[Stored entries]
-=-=-=-=-
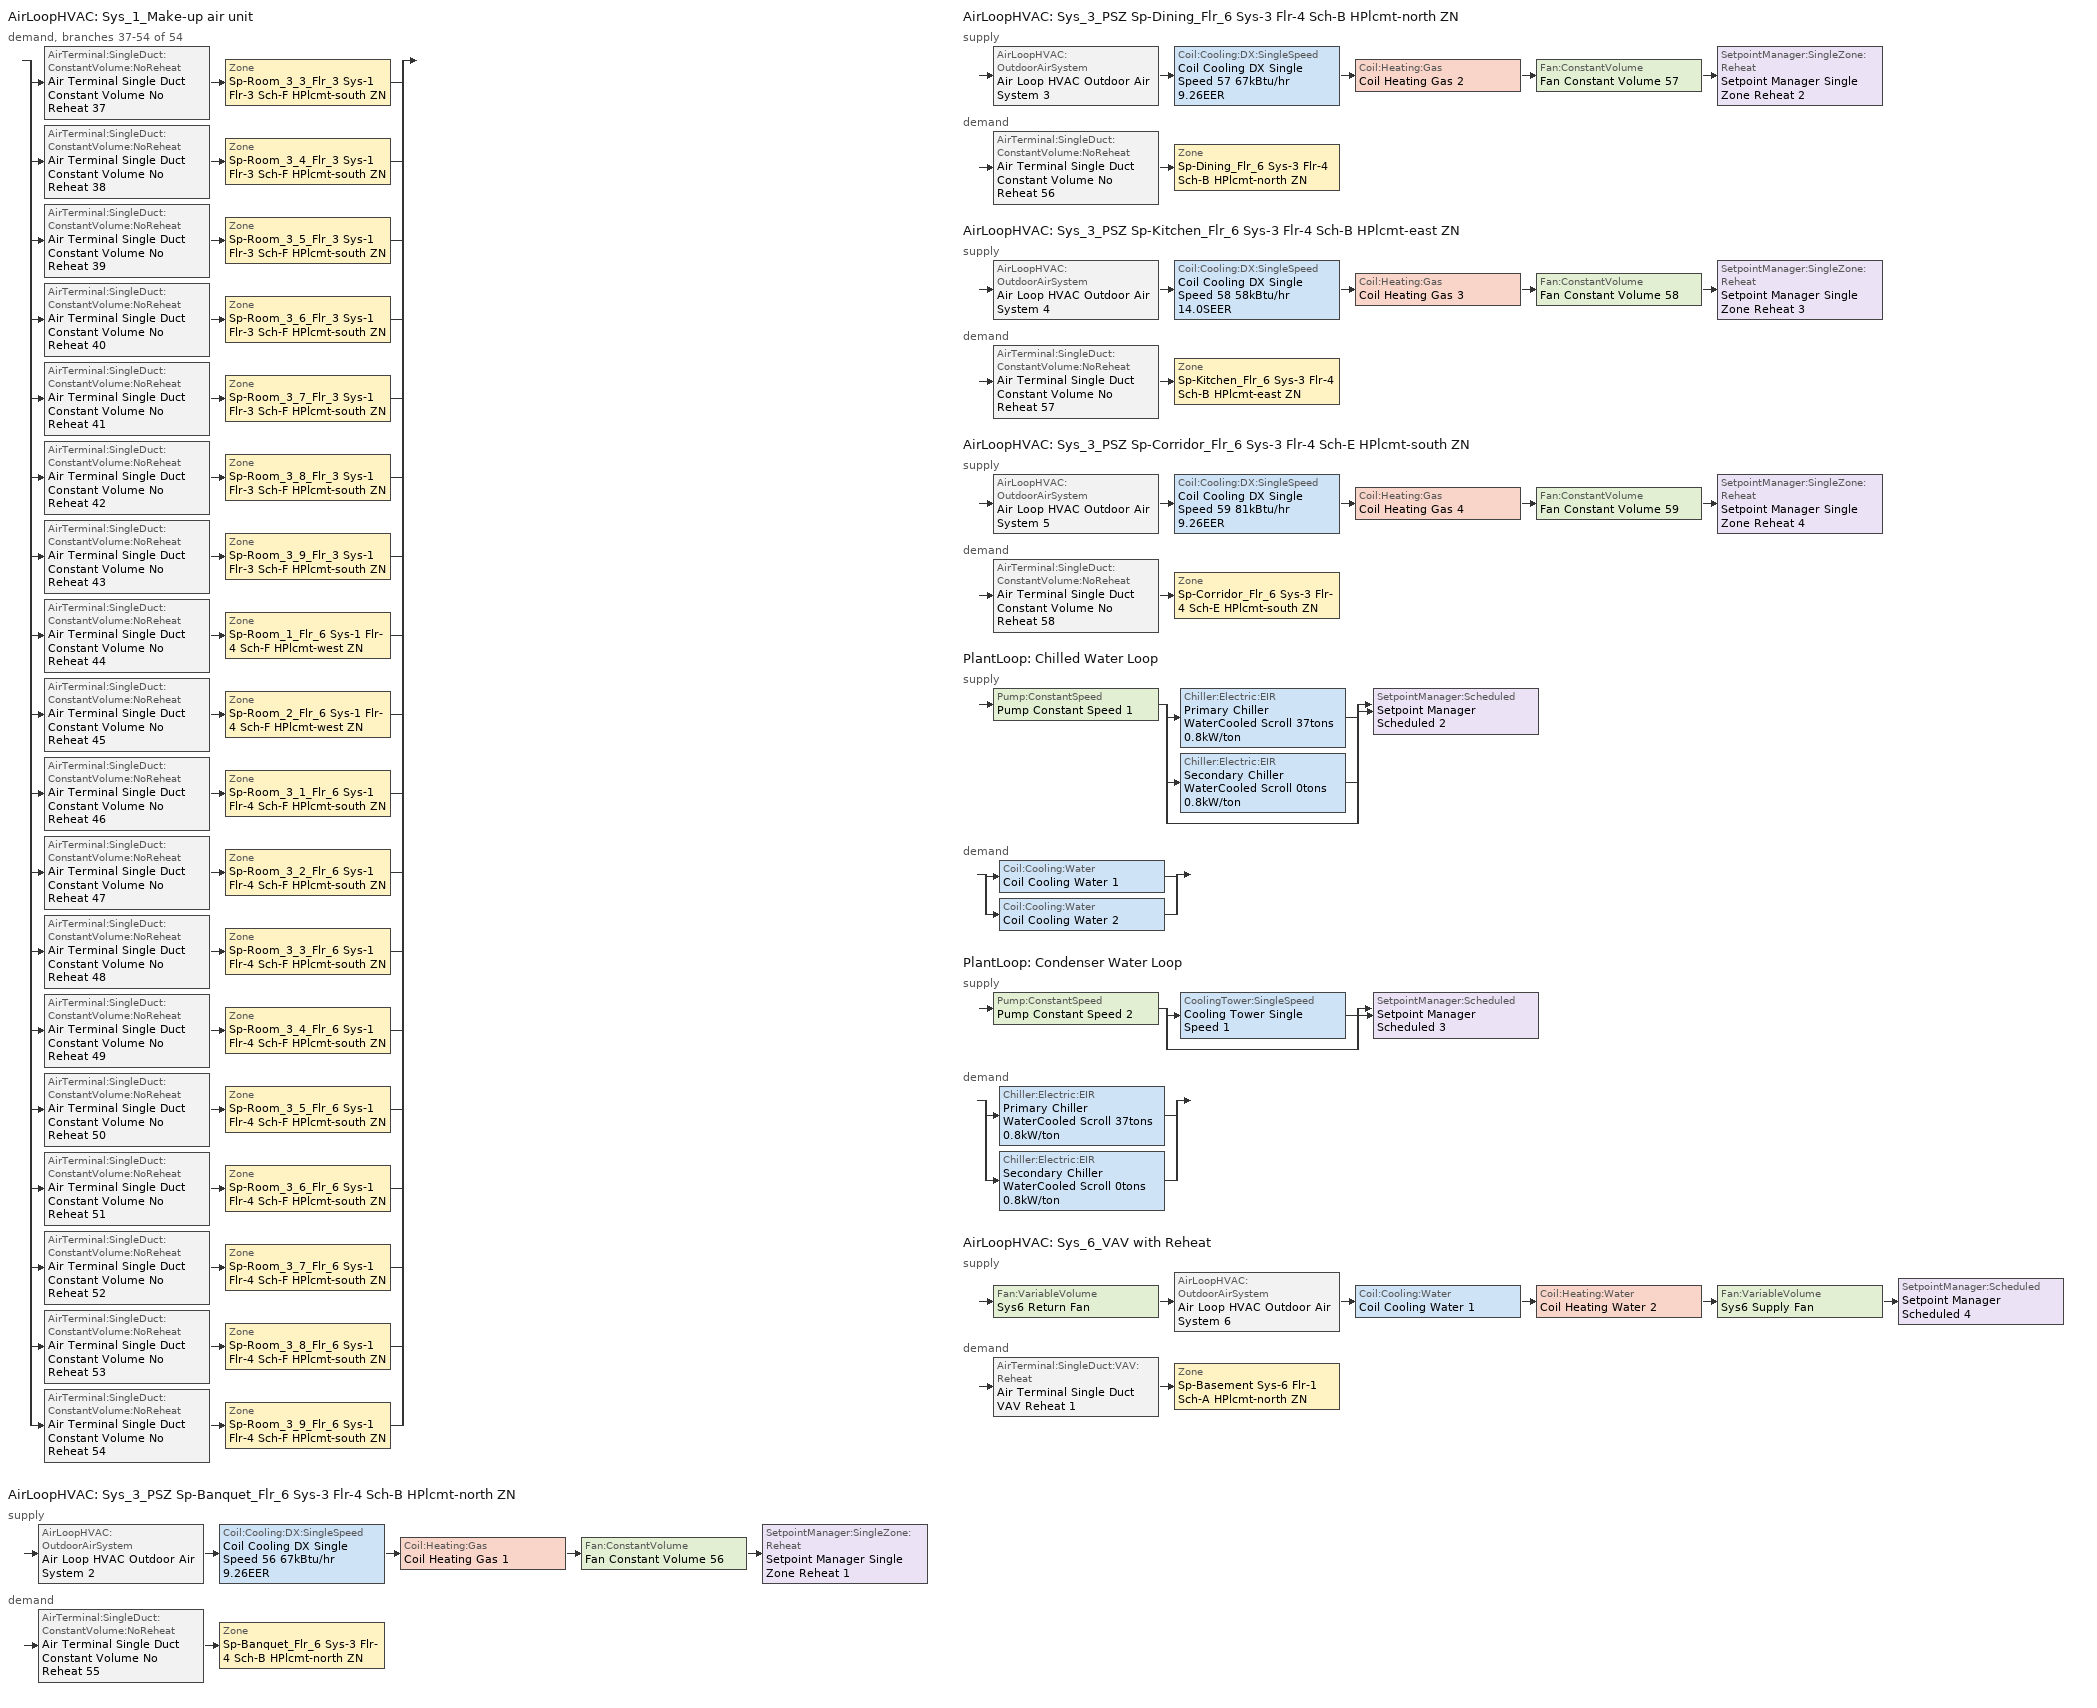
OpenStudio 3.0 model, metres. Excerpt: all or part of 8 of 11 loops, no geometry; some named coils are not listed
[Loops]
AirLoopHVAC 'Sys_1_Make-up air unit'
 demand, branches 37-54 of 54: split
  | AirTerminal:SingleDuct:ConstantVolume:NoReheat 'Air Terminal Single Duct Constant Volume No Reheat 37' > Zone 'Sp-Room_3_3_Flr_3 Sys-1 Flr-3 Sch-F HPlcmt-south ZN'
  | AirTerminal:SingleDuct:ConstantVolume:NoReheat 'Air Terminal Single Duct Constant Volume No Reheat 38' > Zone 'Sp-Room_3_4_Flr_3 Sys-1 Flr-3 Sch-F HPlcmt-south ZN'
  | AirTerminal:SingleDuct:ConstantVolume:NoReheat 'Air Terminal Single Duct Constant Volume No Reheat 39' > Zone 'Sp-Room_3_5_Flr_3 Sys-1 Flr-3 Sch-F HPlcmt-south ZN'
  | AirTerminal:SingleDuct:ConstantVolume:NoReheat 'Air Terminal Single Duct Constant Volume No Reheat 40' > Zone 'Sp-Room_3_6_Flr_3 Sys-1 Flr-3 Sch-F HPlcmt-south ZN'
  | AirTerminal:SingleDuct:ConstantVolume:NoReheat 'Air Terminal Single Duct Constant Volume No Reheat 41' > Zone 'Sp-Room_3_7_Flr_3 Sys-1 Flr-3 Sch-F HPlcmt-south ZN'
  | AirTerminal:SingleDuct:ConstantVolume:NoReheat 'Air Terminal Single Duct Constant Volume No Reheat 42' > Zone 'Sp-Room_3_8_Flr_3 Sys-1 Flr-3 Sch-F HPlcmt-south ZN'
  | AirTerminal:SingleDuct:ConstantVolume:NoReheat 'Air Terminal Single Duct Constant Volume No Reheat 43' > Zone 'Sp-Room_3_9_Flr_3 Sys-1 Flr-3 Sch-F HPlcmt-south ZN'
  | AirTerminal:SingleDuct:ConstantVolume:NoReheat 'Air Terminal Single Duct Constant Volume No Reheat 44' > Zone 'Sp-Room_1_Flr_6 Sys-1 Flr-4 Sch-F HPlcmt-west ZN'
  | AirTerminal:SingleDuct:ConstantVolume:NoReheat 'Air Terminal Single Duct Constant Volume No Reheat 45' > Zone 'Sp-Room_2_Flr_6 Sys-1 Flr-4 Sch-F HPlcmt-west ZN'
  | AirTerminal:SingleDuct:ConstantVolume:NoReheat 'Air Terminal Single Duct Constant Volume No Reheat 46' > Zone 'Sp-Room_3_1_Flr_6 Sys-1 Flr-4 Sch-F HPlcmt-south ZN'
  | AirTerminal:SingleDuct:ConstantVolume:NoReheat 'Air Terminal Single Duct Constant Volume No Reheat 47' > Zone 'Sp-Room_3_2_Flr_6 Sys-1 Flr-4 Sch-F HPlcmt-south ZN'
  | AirTerminal:SingleDuct:ConstantVolume:NoReheat 'Air Terminal Single Duct Constant Volume No Reheat 48' > Zone 'Sp-Room_3_3_Flr_6 Sys-1 Flr-4 Sch-F HPlcmt-south ZN'
  | AirTerminal:SingleDuct:ConstantVolume:NoReheat 'Air Terminal Single Duct Constant Volume No Reheat 49' > Zone 'Sp-Room_3_4_Flr_6 Sys-1 Flr-4 Sch-F HPlcmt-south ZN'
  | AirTerminal:SingleDuct:ConstantVolume:NoReheat 'Air Terminal Single Duct Constant Volume No Reheat 50' > Zone 'Sp-Room_3_5_Flr_6 Sys-1 Flr-4 Sch-F HPlcmt-south ZN'
  | AirTerminal:SingleDuct:ConstantVolume:NoReheat 'Air Terminal Single Duct Constant Volume No Reheat 51' > Zone 'Sp-Room_3_6_Flr_6 Sys-1 Flr-4 Sch-F HPlcmt-south ZN'
  | AirTerminal:SingleDuct:ConstantVolume:NoReheat 'Air Terminal Single Duct Constant Volume No Reheat 52' > Zone 'Sp-Room_3_7_Flr_6 Sys-1 Flr-4 Sch-F HPlcmt-south ZN'
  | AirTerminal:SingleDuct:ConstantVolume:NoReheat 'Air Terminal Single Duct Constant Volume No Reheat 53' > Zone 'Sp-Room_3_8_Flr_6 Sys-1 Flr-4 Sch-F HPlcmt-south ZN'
-=-=-=-=-
* _EXERCISE BRIEF_
Your job is to repeat every entry exactly, keeping all pictures out of the copy.

* _WRITTEN REPLY_
OpenStudio 3.0 model, metres. Excerpt: all or part of 8 of 11 loops, no geometry; some named coils are not listed
[Loops]
AirLoopHVAC 'Sys_1_Make-up air unit'
 demand, branches 37-54 of 54: split
  | AirTerminal:SingleDuct:ConstantVolume:NoReheat 'Air Terminal Single Duct Constant Volume No Reheat 37' > Zone 'Sp-Room_3_3_Flr_3 Sys-1 Flr-3 Sch-F HPlcmt-south ZN'
  | AirTerminal:SingleDuct:ConstantVolume:NoReheat 'Air Terminal Single Duct Constant Volume No Reheat 38' > Zone 'Sp-Room_3_4_Flr_3 Sys-1 Flr-3 Sch-F HPlcmt-south ZN'
  | AirTerminal:SingleDuct:ConstantVolume:NoReheat 'Air Terminal Single Duct Constant Volume No Reheat 39' > Zone 'Sp-Room_3_5_Flr_3 Sys-1 Flr-3 Sch-F HPlcmt-south ZN'
  | AirTerminal:SingleDuct:ConstantVolume:NoReheat 'Air Terminal Single Duct Constant Volume No Reheat 40' > Zone 'Sp-Room_3_6_Flr_3 Sys-1 Flr-3 Sch-F HPlcmt-south ZN'
  | AirTerminal:SingleDuct:ConstantVolume:NoReheat 'Air Terminal Single Duct Constant Volume No Reheat 41' > Zone 'Sp-Room_3_7_Flr_3 Sys-1 Flr-3 Sch-F HPlcmt-south ZN'
  | AirTerminal:SingleDuct:ConstantVolume:NoReheat 'Air Terminal Single Duct Constant Volume No Reheat 42' > Zone 'Sp-Room_3_8_Flr_3 Sys-1 Flr-3 Sch-F HPlcmt-south ZN'
  | AirTerminal:SingleDuct:ConstantVolume:NoReheat 'Air Terminal Single Duct Constant Volume No Reheat 43' > Zone 'Sp-Room_3_9_Flr_3 Sys-1 Flr-3 Sch-F HPlcmt-south ZN'
  | AirTerminal:SingleDuct:ConstantVolume:NoReheat 'Air Terminal Single Duct Constant Volume No Reheat 44' > Zone 'Sp-Room_1_Flr_6 Sys-1 Flr-4 Sch-F HPlcmt-west ZN'
  | AirTerminal:SingleDuct:ConstantVolume:NoReheat 'Air Terminal Single Duct Constant Volume No Reheat 45' > Zone 'Sp-Room_2_Flr_6 Sys-1 Flr-4 Sch-F HPlcmt-west ZN'
  | AirTerminal:SingleDuct:ConstantVolume:NoReheat 'Air Terminal Single Duct Constant Volume No Reheat 46' > Zone 'Sp-Room_3_1_Flr_6 Sys-1 Flr-4 Sch-F HPlcmt-south ZN'
  | AirTerminal:SingleDuct:ConstantVolume:NoReheat 'Air Terminal Single Duct Constant Volume No Reheat 47' > Zone 'Sp-Room_3_2_Flr_6 Sys-1 Flr-4 Sch-F HPlcmt-south ZN'
  | AirTerminal:SingleDuct:ConstantVolume:NoReheat 'Air Terminal Single Duct Constant Volume No Reheat 48' > Zone 'Sp-Room_3_3_Flr_6 Sys-1 Flr-4 Sch-F HPlcmt-south ZN'
  | AirTerminal:SingleDuct:ConstantVolume:NoReheat 'Air Terminal Single Duct Constant Volume No Reheat 49' > Zone 'Sp-Room_3_4_Flr_6 Sys-1 Flr-4 Sch-F HPlcmt-south ZN'
  | AirTerminal:SingleDuct:ConstantVolume:NoReheat 'Air Terminal Single Duct Constant Volume No Reheat 50' > Zone 'Sp-Room_3_5_Flr_6 Sys-1 Flr-4 Sch-F HPlcmt-south ZN'
  | AirTerminal:SingleDuct:ConstantVolume:NoReheat 'Air Terminal Single Duct Constant Volume No Reheat 51' > Zone 'Sp-Room_3_6_Flr_6 Sys-1 Flr-4 Sch-F HPlcmt-south ZN'
  | AirTerminal:SingleDuct:ConstantVolume:NoReheat 'Air Terminal Single Duct Constant Volume No Reheat 52' > Zone 'Sp-Room_3_7_Flr_6 Sys-1 Flr-4 Sch-F HPlcmt-south ZN'
  | AirTerminal:SingleDuct:ConstantVolume:NoReheat 'Air Terminal Single Duct Constant Volume No Reheat 53' > Zone 'Sp-Room_3_8_Flr_6 Sys-1 Flr-4 Sch-F HPlcmt-south ZN'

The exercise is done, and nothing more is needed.